- _Task requirements_
Show all lines from the data that include the word "units".

Stored items from a collection
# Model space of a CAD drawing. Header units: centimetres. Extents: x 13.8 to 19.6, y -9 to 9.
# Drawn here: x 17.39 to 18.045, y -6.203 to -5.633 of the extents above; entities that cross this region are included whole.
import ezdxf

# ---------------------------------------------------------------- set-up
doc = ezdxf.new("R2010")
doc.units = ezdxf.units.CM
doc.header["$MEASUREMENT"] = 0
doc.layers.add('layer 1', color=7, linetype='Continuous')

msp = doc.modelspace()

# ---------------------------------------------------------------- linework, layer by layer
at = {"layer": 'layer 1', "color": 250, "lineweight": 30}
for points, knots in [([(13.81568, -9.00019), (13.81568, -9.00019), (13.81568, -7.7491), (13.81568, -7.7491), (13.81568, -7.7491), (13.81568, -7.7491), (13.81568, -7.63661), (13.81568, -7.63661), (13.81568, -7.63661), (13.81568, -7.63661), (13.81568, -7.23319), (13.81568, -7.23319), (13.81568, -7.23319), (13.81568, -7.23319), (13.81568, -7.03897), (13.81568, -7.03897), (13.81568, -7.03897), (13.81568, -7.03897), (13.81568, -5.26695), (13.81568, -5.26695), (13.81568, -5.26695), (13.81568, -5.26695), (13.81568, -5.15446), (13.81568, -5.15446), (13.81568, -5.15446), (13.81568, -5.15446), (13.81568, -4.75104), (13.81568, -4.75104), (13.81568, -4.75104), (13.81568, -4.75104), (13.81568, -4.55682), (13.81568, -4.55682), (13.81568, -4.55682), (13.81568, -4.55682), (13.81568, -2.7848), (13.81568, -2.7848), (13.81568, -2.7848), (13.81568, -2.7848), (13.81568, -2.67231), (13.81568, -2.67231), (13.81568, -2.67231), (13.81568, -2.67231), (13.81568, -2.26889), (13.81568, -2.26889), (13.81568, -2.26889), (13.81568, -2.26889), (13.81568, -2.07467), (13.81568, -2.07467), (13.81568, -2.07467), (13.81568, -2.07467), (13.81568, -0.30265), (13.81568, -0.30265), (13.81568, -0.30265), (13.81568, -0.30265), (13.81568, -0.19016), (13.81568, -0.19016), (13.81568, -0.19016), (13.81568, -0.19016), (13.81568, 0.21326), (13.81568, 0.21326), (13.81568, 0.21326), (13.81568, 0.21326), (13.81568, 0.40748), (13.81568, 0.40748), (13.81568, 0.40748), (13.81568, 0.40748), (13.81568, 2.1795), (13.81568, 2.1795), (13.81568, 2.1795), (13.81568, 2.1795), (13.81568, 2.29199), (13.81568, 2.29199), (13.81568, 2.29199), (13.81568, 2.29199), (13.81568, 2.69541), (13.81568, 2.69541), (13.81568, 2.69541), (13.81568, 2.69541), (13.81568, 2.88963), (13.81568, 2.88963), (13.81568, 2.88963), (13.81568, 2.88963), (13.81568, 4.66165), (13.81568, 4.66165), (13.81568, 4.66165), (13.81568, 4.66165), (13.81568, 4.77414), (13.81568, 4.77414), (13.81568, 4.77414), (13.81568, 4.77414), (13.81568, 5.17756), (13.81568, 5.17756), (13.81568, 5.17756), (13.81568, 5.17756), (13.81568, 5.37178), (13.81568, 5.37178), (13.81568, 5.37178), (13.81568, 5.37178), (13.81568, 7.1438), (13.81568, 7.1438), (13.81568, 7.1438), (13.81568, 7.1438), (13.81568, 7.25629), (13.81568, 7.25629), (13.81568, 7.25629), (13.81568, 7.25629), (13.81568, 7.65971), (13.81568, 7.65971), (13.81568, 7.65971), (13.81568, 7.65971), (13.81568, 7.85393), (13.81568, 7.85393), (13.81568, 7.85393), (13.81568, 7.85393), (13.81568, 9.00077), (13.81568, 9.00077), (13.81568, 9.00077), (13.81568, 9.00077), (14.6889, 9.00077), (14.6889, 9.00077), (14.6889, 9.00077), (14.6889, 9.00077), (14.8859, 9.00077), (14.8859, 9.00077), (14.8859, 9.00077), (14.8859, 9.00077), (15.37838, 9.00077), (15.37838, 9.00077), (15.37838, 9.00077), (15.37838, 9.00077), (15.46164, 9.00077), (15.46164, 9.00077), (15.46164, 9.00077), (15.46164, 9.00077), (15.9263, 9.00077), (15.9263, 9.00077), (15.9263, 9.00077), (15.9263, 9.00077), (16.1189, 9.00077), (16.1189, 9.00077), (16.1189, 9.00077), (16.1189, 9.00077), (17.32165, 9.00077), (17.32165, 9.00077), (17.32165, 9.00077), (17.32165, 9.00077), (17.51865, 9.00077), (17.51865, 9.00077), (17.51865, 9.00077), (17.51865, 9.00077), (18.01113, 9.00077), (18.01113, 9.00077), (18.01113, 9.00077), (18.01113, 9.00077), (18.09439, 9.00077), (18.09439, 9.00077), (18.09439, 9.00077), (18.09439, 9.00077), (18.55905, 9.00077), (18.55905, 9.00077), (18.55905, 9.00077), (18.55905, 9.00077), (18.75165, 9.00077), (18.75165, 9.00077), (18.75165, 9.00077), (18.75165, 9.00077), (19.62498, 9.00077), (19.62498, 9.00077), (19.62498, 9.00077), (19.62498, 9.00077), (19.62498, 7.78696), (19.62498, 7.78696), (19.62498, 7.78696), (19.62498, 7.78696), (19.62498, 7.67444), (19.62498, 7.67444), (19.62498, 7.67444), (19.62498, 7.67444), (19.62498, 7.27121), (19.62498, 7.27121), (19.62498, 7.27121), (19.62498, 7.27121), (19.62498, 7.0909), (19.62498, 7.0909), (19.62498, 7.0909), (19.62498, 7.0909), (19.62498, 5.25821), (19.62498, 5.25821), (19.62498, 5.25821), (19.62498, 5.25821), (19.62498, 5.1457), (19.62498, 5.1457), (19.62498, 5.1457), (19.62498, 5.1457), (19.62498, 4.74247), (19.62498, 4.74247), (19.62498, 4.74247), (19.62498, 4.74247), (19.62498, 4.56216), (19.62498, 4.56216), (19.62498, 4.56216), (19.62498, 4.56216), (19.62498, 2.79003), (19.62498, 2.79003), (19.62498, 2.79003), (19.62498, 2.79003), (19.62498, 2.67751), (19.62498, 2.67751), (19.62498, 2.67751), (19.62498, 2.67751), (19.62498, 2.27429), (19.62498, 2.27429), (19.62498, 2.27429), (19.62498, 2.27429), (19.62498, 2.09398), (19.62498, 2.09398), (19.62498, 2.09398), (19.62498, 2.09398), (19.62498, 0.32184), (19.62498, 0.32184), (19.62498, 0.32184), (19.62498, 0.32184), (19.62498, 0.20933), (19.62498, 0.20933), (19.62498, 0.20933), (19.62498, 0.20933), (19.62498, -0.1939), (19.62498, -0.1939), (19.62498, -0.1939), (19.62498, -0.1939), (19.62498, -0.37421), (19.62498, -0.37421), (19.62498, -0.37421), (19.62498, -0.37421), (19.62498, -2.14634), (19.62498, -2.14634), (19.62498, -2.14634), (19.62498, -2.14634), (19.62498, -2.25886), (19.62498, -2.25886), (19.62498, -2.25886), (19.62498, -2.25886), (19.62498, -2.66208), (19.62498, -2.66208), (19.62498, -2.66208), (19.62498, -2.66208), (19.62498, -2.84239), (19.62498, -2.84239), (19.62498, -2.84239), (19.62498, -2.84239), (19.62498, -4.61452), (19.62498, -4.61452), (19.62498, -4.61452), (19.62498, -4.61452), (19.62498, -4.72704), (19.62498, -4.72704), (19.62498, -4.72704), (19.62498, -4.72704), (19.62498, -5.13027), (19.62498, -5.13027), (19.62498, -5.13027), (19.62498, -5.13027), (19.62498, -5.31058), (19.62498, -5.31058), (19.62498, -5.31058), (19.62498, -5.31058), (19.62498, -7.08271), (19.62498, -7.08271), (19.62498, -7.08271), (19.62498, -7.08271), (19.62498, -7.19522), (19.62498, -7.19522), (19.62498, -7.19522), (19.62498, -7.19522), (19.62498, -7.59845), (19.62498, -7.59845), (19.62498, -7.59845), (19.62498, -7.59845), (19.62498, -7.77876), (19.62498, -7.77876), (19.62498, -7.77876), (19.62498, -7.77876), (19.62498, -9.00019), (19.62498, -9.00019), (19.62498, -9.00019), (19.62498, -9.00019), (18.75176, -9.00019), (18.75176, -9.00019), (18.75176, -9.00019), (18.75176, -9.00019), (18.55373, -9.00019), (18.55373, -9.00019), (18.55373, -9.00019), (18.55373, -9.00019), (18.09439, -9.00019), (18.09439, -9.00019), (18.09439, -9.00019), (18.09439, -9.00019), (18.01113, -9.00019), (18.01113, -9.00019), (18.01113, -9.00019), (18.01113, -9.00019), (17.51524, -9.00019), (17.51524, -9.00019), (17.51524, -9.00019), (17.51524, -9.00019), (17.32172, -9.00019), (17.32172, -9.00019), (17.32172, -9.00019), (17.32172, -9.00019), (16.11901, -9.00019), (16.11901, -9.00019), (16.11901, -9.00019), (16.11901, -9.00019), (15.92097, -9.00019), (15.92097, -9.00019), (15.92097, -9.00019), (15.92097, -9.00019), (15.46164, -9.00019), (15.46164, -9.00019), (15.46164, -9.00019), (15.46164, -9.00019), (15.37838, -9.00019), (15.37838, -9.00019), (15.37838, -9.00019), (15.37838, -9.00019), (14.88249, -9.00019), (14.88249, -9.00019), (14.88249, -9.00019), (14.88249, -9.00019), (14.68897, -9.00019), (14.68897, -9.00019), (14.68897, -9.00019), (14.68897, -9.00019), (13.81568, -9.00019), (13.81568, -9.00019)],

- _Task result_
# Model space of a CAD drawing. Header units: centimetres. Extents: x 13.8 to 19.6, y -9 to 9.
doc.units = ezdxf.units.CM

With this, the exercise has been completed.